THE RECORDS Start Marker

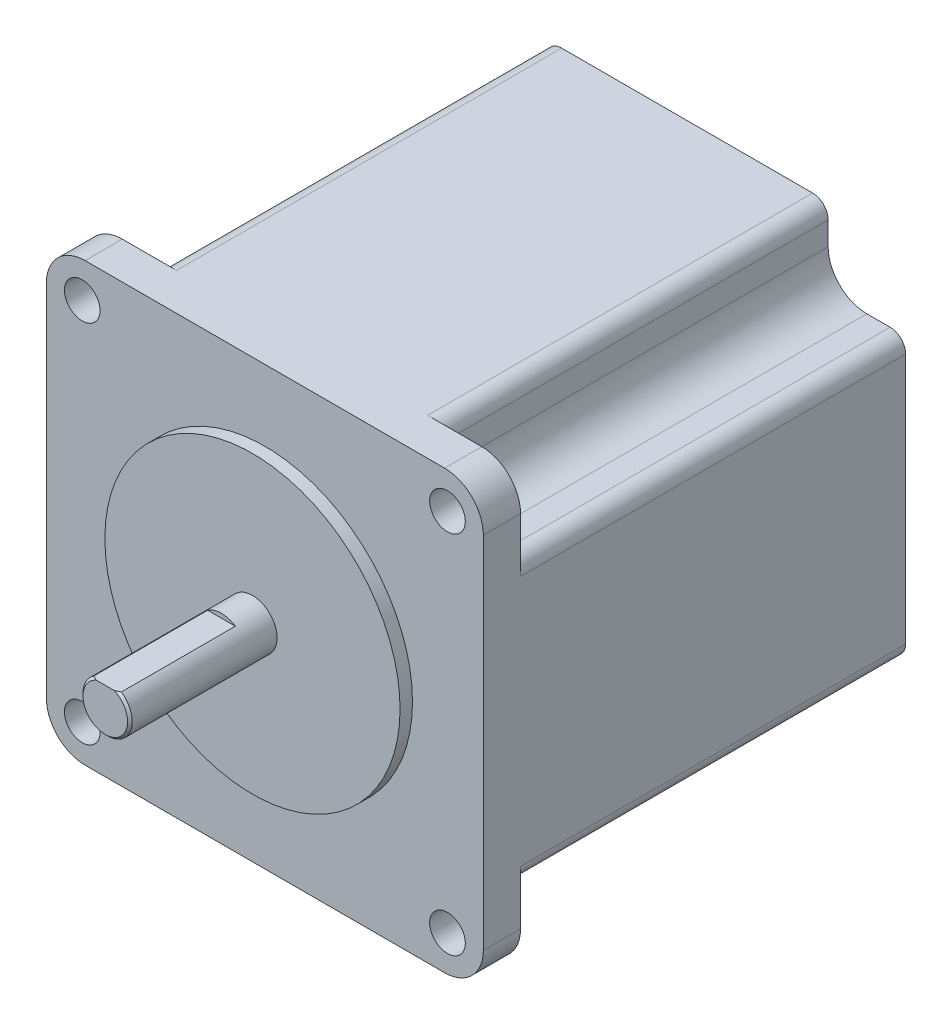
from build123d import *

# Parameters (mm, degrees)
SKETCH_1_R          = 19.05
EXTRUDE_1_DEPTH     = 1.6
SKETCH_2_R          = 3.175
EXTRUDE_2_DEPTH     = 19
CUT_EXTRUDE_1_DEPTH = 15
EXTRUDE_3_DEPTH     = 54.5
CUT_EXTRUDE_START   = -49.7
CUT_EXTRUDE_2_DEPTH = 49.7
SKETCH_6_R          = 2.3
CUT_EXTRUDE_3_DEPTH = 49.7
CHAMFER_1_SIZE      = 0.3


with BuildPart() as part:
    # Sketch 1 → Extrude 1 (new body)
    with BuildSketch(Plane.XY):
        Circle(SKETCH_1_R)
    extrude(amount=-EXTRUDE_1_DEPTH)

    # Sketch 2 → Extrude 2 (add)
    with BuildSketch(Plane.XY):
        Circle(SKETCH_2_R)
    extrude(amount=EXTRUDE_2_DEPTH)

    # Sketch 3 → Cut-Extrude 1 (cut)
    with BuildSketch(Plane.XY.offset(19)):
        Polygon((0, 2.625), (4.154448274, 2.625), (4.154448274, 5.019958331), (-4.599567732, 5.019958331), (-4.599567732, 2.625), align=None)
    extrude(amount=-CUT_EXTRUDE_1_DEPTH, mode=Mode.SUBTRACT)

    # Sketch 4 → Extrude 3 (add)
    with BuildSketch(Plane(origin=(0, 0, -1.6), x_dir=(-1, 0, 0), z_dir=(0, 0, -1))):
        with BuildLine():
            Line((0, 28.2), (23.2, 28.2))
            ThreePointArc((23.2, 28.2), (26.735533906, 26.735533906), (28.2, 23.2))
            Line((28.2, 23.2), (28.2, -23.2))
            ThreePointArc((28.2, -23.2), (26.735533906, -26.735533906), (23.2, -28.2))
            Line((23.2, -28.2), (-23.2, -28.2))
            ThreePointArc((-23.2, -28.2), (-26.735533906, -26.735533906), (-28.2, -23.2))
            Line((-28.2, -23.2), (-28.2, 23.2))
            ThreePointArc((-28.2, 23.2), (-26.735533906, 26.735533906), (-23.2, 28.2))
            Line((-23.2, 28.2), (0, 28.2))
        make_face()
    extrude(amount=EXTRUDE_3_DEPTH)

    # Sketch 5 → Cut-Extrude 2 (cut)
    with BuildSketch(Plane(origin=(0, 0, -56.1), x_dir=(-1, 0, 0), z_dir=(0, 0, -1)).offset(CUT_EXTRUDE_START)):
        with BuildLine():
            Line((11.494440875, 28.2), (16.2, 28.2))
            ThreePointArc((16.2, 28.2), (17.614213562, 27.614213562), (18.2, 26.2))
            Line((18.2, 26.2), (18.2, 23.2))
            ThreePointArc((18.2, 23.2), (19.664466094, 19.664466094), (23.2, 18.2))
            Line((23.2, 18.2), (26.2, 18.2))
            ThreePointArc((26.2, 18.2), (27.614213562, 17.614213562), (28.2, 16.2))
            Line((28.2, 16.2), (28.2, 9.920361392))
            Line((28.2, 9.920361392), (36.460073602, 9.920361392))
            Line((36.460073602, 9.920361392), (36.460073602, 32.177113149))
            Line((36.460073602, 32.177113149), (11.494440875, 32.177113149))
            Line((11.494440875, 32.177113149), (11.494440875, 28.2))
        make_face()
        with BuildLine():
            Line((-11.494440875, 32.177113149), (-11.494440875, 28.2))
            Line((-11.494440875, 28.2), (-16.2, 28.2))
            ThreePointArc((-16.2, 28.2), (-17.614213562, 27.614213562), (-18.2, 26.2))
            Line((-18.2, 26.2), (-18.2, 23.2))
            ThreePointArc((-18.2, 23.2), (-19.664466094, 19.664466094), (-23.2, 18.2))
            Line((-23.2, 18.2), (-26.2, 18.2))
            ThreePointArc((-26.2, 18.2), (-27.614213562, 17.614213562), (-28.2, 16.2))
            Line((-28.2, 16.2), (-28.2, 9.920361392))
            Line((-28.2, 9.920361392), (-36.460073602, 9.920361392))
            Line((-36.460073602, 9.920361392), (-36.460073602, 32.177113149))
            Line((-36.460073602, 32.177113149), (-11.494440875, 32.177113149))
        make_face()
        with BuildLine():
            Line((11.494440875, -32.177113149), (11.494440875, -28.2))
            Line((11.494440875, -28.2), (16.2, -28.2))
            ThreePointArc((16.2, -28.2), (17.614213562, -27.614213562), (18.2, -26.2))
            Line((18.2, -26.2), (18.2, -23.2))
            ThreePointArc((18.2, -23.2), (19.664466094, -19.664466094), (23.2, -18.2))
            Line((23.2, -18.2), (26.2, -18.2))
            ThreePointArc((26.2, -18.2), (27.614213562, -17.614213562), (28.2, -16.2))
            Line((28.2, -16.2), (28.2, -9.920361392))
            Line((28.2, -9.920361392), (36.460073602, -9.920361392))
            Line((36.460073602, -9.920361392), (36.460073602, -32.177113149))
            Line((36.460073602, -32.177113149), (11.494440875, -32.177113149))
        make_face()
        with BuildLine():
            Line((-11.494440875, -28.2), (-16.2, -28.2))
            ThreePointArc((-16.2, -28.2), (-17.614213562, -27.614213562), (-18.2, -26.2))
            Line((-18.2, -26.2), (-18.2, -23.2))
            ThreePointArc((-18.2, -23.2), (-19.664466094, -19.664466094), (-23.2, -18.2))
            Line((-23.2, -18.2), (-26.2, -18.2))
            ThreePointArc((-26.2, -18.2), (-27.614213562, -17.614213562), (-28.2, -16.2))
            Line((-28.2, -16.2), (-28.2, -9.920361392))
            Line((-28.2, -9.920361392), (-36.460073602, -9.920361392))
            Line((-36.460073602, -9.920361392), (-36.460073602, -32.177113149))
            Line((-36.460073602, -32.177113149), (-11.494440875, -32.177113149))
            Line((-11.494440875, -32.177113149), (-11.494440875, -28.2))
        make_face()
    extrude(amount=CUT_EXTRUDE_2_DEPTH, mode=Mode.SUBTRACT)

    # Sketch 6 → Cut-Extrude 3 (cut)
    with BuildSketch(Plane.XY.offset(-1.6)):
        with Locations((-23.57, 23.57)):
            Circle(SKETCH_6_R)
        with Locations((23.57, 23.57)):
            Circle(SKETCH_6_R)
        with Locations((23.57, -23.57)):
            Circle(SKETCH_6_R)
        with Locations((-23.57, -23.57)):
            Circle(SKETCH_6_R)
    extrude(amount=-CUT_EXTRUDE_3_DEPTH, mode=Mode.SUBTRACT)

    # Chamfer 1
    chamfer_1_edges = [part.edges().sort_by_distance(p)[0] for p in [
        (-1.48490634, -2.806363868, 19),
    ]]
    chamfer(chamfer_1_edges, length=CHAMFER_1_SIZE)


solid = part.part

THE RECORDS End Marker

## AIM OF THE EXERCISE
Reproduce exactly the lines of the entries above from the first through the line with "with BuildPart() as", both included; pictures should not be reproduced.

## SOLUTION FOR THIS TASK
from build123d import *

# Parameters (mm, degrees)
SKETCH_1_R          = 19.05
EXTRUDE_1_DEPTH     = 1.6
SKETCH_2_R          = 3.175
EXTRUDE_2_DEPTH     = 19
CUT_EXTRUDE_1_DEPTH = 15
EXTRUDE_3_DEPTH     = 54.5
CUT_EXTRUDE_START   = -49.7
CUT_EXTRUDE_2_DEPTH = 49.7
SKETCH_6_R          = 2.3
CUT_EXTRUDE_3_DEPTH = 49.7
CHAMFER_1_SIZE      = 0.3


with BuildPart() as part:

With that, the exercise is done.